Same can be said of any good trainer even the ones who start horses in a snaffle bit which most of the trainer I use and know do. Can not think of one that does not.


----------



## christopher (Feb 11, 2011)

smrobs said:


> you're wrong and you are ruining whatever potiential the horse has


never said that, said most other typical methods risk it (then blame the horse, cause it was a process of bitting up where the rein was tied onto the horse, seeing fault in how the horse responded rather than see potential preperations for such an endevour). on an animal with a mouth as sensitive as a horses i'd rather not take such a risk.


----------



## wild_spot (Jan 30, 2008)

> (providing you dont use your seat/legs for slowing/turning aids, and the aids are purely on the headgear)

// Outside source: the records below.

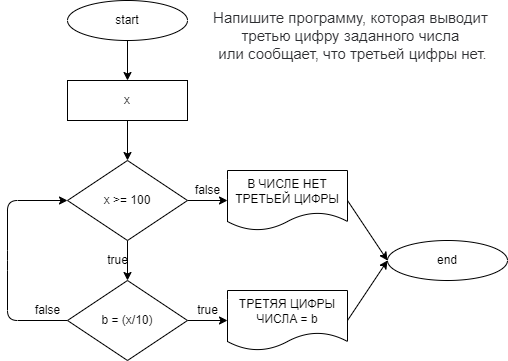

The diagram above was exported from draw.io. Its source (the exported page's mxGraphModel, read from the mxfile embedded in the PNG):
<mxGraphModel dx="882" dy="574" grid="1" gridSize="10" guides="1" tooltips="1" connect="1" arrows="1" fold="1" page="1" pageScale="1" pageWidth="827" pageHeight="1169" math="0" shadow="0">
  <root>
    <mxCell id="fqF2hMfMKCjT9owSN6xR-0" />
    <mxCell id="fqF2hMfMKCjT9owSN6xR-1" parent="fqF2hMfMKCjT9owSN6xR-0" />
    <mxCell id="pu4c4p5Jym0kensbx4Sp-8" style="edgeStyle=none;html=1;exitX=0.5;exitY=1;exitDx=0;exitDy=0;entryX=0.5;entryY=0;entryDx=0;entryDy=0;" edge="1" parent="fqF2hMfMKCjT9owSN6xR-1" source="pu4c4p5Jym0kensbx4Sp-0" target="pu4c4p5Jym0kensbx4Sp-2">
      <mxGeometry relative="1" as="geometry" />
    </mxCell>
    <mxCell id="pu4c4p5Jym0kensbx4Sp-0" value="start" style="ellipse;whiteSpace=wrap;html=1;" vertex="1" parent="fqF2hMfMKCjT9owSN6xR-1">
      <mxGeometry x="80" y="40" width="120" height="40" as="geometry" />
    </mxCell>
    <mxCell id="pu4c4p5Jym0kensbx4Sp-1" value="&lt;p style=&quot;box-sizing: border-box ; margin: 0px ; color: rgb(44 , 45 , 48) ; font-family: &amp;#34;roboto&amp;#34; , &amp;#34;san francisco&amp;#34; , &amp;#34;helvetica neue&amp;#34; , &amp;#34;helvetica&amp;#34; , &amp;#34;arial&amp;#34; ; font-size: 15px ; background-color: rgb(255 , 255 , 255)&quot;&gt;Напишите программу, которая выводит&amp;nbsp;&lt;/p&gt;&lt;p style=&quot;box-sizing: border-box ; margin: 0px ; color: rgb(44 , 45 , 48) ; font-family: &amp;#34;roboto&amp;#34; , &amp;#34;san francisco&amp;#34; , &amp;#34;helvetica neue&amp;#34; , &amp;#34;helvetica&amp;#34; , &amp;#34;arial&amp;#34; ; font-size: 15px ; background-color: rgb(255 , 255 , 255)&quot;&gt;третью цифру заданного числа&amp;nbsp;&lt;/p&gt;&lt;p style=&quot;box-sizing: border-box ; margin: 0px ; color: rgb(44 , 45 , 48) ; font-family: &amp;#34;roboto&amp;#34; , &amp;#34;san francisco&amp;#34; , &amp;#34;helvetica neue&amp;#34; , &amp;#34;helvetica&amp;#34; , &amp;#34;arial&amp;#34; ; font-size: 15px ; background-color: rgb(255 , 255 , 255)&quot;&gt;или сообщает, что третьей цифры нет.&lt;/p&gt;" style="text;html=1;align=center;verticalAlign=middle;resizable=0;points=[];autosize=1;strokeColor=none;fillColor=none;" vertex="1" parent="fqF2hMfMKCjT9owSN6xR-1">
      <mxGeometry x="220" y="50" width="290" height="50" as="geometry" />
    </mxCell>
    <mxCell id="pu4c4p5Jym0kensbx4Sp-9" style="edgeStyle=none;html=1;exitX=0.5;exitY=1;exitDx=0;exitDy=0;entryX=0.5;entryY=0;entryDx=0;entryDy=0;" edge="1" parent="fqF2hMfMKCjT9owSN6xR-1" source="pu4c4p5Jym0kensbx4Sp-2" target="pu4c4p5Jym0kensbx4Sp-3">
      <mxGeometry relative="1" as="geometry" />
    </mxCell>
    <mxCell id="pu4c4p5Jym0kensbx4Sp-2" value="x" style="rounded=0;whiteSpace=wrap;html=1;" vertex="1" parent="fqF2hMfMKCjT9owSN6xR-1">
      <mxGeometry x="80" y="120" width="120" height="40" as="geometry" />
    </mxCell>
    <mxCell id="pu4c4p5Jym0kensbx4Sp-10" style="edgeStyle=none;html=1;exitX=0.5;exitY=1;exitDx=0;exitDy=0;entryX=0.5;entryY=0;entryDx=0;entryDy=0;" edge="1" parent="fqF2hMfMKCjT9owSN6xR-1" source="pu4c4p5Jym0kensbx4Sp-3" target="pu4c4p5Jym0kensbx4Sp-4">
      <mxGeometry relative="1" as="geometry" />
    </mxCell>
    <mxCell id="pu4c4p5Jym0kensbx4Sp-11" style="edgeStyle=none;html=1;exitX=1;exitY=0.5;exitDx=0;exitDy=0;entryX=0;entryY=0.5;entryDx=0;entryDy=0;" edge="1" parent="fqF2hMfMKCjT9owSN6xR-1" source="pu4c4p5Jym0kensbx4Sp-3" target="pu4c4p5Jym0kensbx4Sp-5">
      <mxGeometry relative="1" as="geometry" />
    </mxCell>
    <mxCell id="pu4c4p5Jym0kensbx4Sp-3" value="x &amp;gt;= 100" style="rhombus;whiteSpace=wrap;html=1;" vertex="1" parent="fqF2hMfMKCjT9owSN6xR-1">
      <mxGeometry x="80" y="200" width="120" height="80" as="geometry" />
    </mxCell>
    <mxCell id="pu4c4p5Jym0kensbx4Sp-12" style="edgeStyle=none;html=1;exitX=1;exitY=0.5;exitDx=0;exitDy=0;entryX=0;entryY=0.5;entryDx=0;entryDy=0;" edge="1" parent="fqF2hMfMKCjT9owSN6xR-1" source="pu4c4p5Jym0kensbx4Sp-4" target="pu4c4p5Jym0kensbx4Sp-6">
      <mxGeometry relative="1" as="geometry" />
    </mxCell>
    <mxCell id="pu4c4p5Jym0kensbx4Sp-13" style="edgeStyle=none;html=1;exitX=0;exitY=0.5;exitDx=0;exitDy=0;entryX=0;entryY=0.5;entryDx=0;entryDy=0;" edge="1" parent="fqF2hMfMKCjT9owSN6xR-1" source="pu4c4p5Jym0kensbx4Sp-4" target="pu4c4p5Jym0kensbx4Sp-3">
      <mxGeometry relative="1" as="geometry">
        <Array as="points">
          <mxPoint x="20" y="360" />
          <mxPoint x="20" y="300" />
          <mxPoint x="20" y="240" />
        </Array>
      </mxGeometry>
    </mxCell>
    <mxCell id="pu4c4p5Jym0kensbx4Sp-4" value="b = (x/10)" style="rhombus;whiteSpace=wrap;html=1;" vertex="1" parent="fqF2hMfMKCjT9owSN6xR-1">
      <mxGeometry x="80" y="320" width="120" height="80" as="geometry" />
    </mxCell>
    <mxCell id="pu4c4p5Jym0kensbx4Sp-19" style="edgeStyle=none;html=1;exitX=1;exitY=0.5;exitDx=0;exitDy=0;" edge="1" parent="fqF2hMfMKCjT9owSN6xR-1" source="pu4c4p5Jym0kensbx4Sp-5">
      <mxGeometry relative="1" as="geometry">
        <mxPoint x="400" y="300" as="targetPoint" />
      </mxGeometry>
    </mxCell>
    <mxCell id="pu4c4p5Jym0kensbx4Sp-5" value="В ЧИСЛЕ НЕТ ТРЕТЬЕЙ ЦИФРЫ" style="shape=document;whiteSpace=wrap;html=1;boundedLbl=1;" vertex="1" parent="fqF2hMfMKCjT9owSN6xR-1">
      <mxGeometry x="240" y="210" width="120" height="60" as="geometry" />
    </mxCell>
    <mxCell id="pu4c4p5Jym0kensbx4Sp-18" style="edgeStyle=none;html=1;exitX=1;exitY=0.5;exitDx=0;exitDy=0;entryX=0;entryY=0.5;entryDx=0;entryDy=0;" edge="1" parent="fqF2hMfMKCjT9owSN6xR-1" source="pu4c4p5Jym0kensbx4Sp-6" target="pu4c4p5Jym0kensbx4Sp-7">
      <mxGeometry relative="1" as="geometry" />
    </mxCell>
    <mxCell id="pu4c4p5Jym0kensbx4Sp-6" value="ТРЕТЯЯ ЦИФРЫ ЧИСЛА = b" style="shape=document;whiteSpace=wrap;html=1;boundedLbl=1;" vertex="1" parent="fqF2hMfMKCjT9owSN6xR-1">
      <mxGeometry x="240" y="330" width="120" height="60" as="geometry" />
    </mxCell>
    <mxCell id="pu4c4p5Jym0kensbx4Sp-7" value="end" style="ellipse;whiteSpace=wrap;html=1;" vertex="1" parent="fqF2hMfMKCjT9owSN6xR-1">
      <mxGeometry x="400" y="280" width="120" height="40" as="geometry" />
    </mxCell>
    <mxCell id="pu4c4p5Jym0kensbx4Sp-14" value="false" style="text;html=1;align=center;verticalAlign=middle;resizable=0;points=[];autosize=1;strokeColor=none;fillColor=none;" vertex="1" parent="fqF2hMfMKCjT9owSN6xR-1">
      <mxGeometry x="200" y="220" width="40" height="20" as="geometry" />
    </mxCell>
    <mxCell id="pu4c4p5Jym0kensbx4Sp-15" value="false" style="text;html=1;align=center;verticalAlign=middle;resizable=0;points=[];autosize=1;strokeColor=none;fillColor=none;" vertex="1" parent="fqF2hMfMKCjT9owSN6xR-1">
      <mxGeometry x="40" y="340" width="40" height="20" as="geometry" />
    </mxCell>
    <mxCell id="pu4c4p5Jym0kensbx4Sp-16" value="true" style="text;html=1;align=center;verticalAlign=middle;resizable=0;points=[];autosize=1;strokeColor=none;fillColor=none;" vertex="1" parent="fqF2hMfMKCjT9owSN6xR-1">
      <mxGeometry x="200" y="340" width="40" height="20" as="geometry" />
    </mxCell>
    <mxCell id="pu4c4p5Jym0kensbx4Sp-17" value="true" style="text;html=1;align=center;verticalAlign=middle;resizable=0;points=[];autosize=1;strokeColor=none;fillColor=none;" vertex="1" parent="fqF2hMfMKCjT9owSN6xR-1">
      <mxGeometry x="110" y="290" width="40" height="20" as="geometry" />
    </mxCell>
  </root>
</mxGraphModel>

Why would you assume that? My goal when training is to have my horse so light that I hardly have to touch the bit. I know I am on my way to that goal when I can unclip my reins, loop them around my boys neck, and go and do all the same things without anything else. I can do rollbacks, haunch turns, backing, stops, changes - All without a bridle. I don't make a habit of it, but that is how I test my training. 

I think you are determined to have an argument! I think you will find we all generally agree with what you are saying, it is only semantics and specifics you insist on arguing about. I totally agree with your views on starting a horse bitless and so preserving the mouth. The only thing I don't agree with is riding greenies in a rope halter - is that such a horrible difference of opinion? Some don't like snaffles, some don't like curbs, and hey, I don't like rope halters. No big deal. 



> wild spot, one rein stop is like having an air brake on a truck. you may not like it for your daily transitions, and if you were a trucker in need of controlling your speed, you'd probably use the foot brake. but in an emercency, if you were a trucker, you'd be darn glad you had an air brake.


Why does nearly every trainer who espouses the ORS say that you MUST practice it for it to be effective? It is this repetition I refuse to use. I haven't been bolted on for years, and while the ride I mentioned was annoying not being able to get his head up, it wasn't a big deal - And I haven't been bucked off in years either. Obviously the methods I choose to use work for me. I have plenty of other techniques I can use in an emergency that have all worked one time or another. I do refuse to practice a technique that I find unecessary and that may cause my horse to loose forward momentum through a sharp turn. The disciplines I compete in, every second counts, and every manouvre must be correct if I am to do well. It makes zero sense to me to train something into my horses that I will probably never used that will be detrimental to my goals.



> if the halter had the same effect, you weren't being direct enough. not the halters fault.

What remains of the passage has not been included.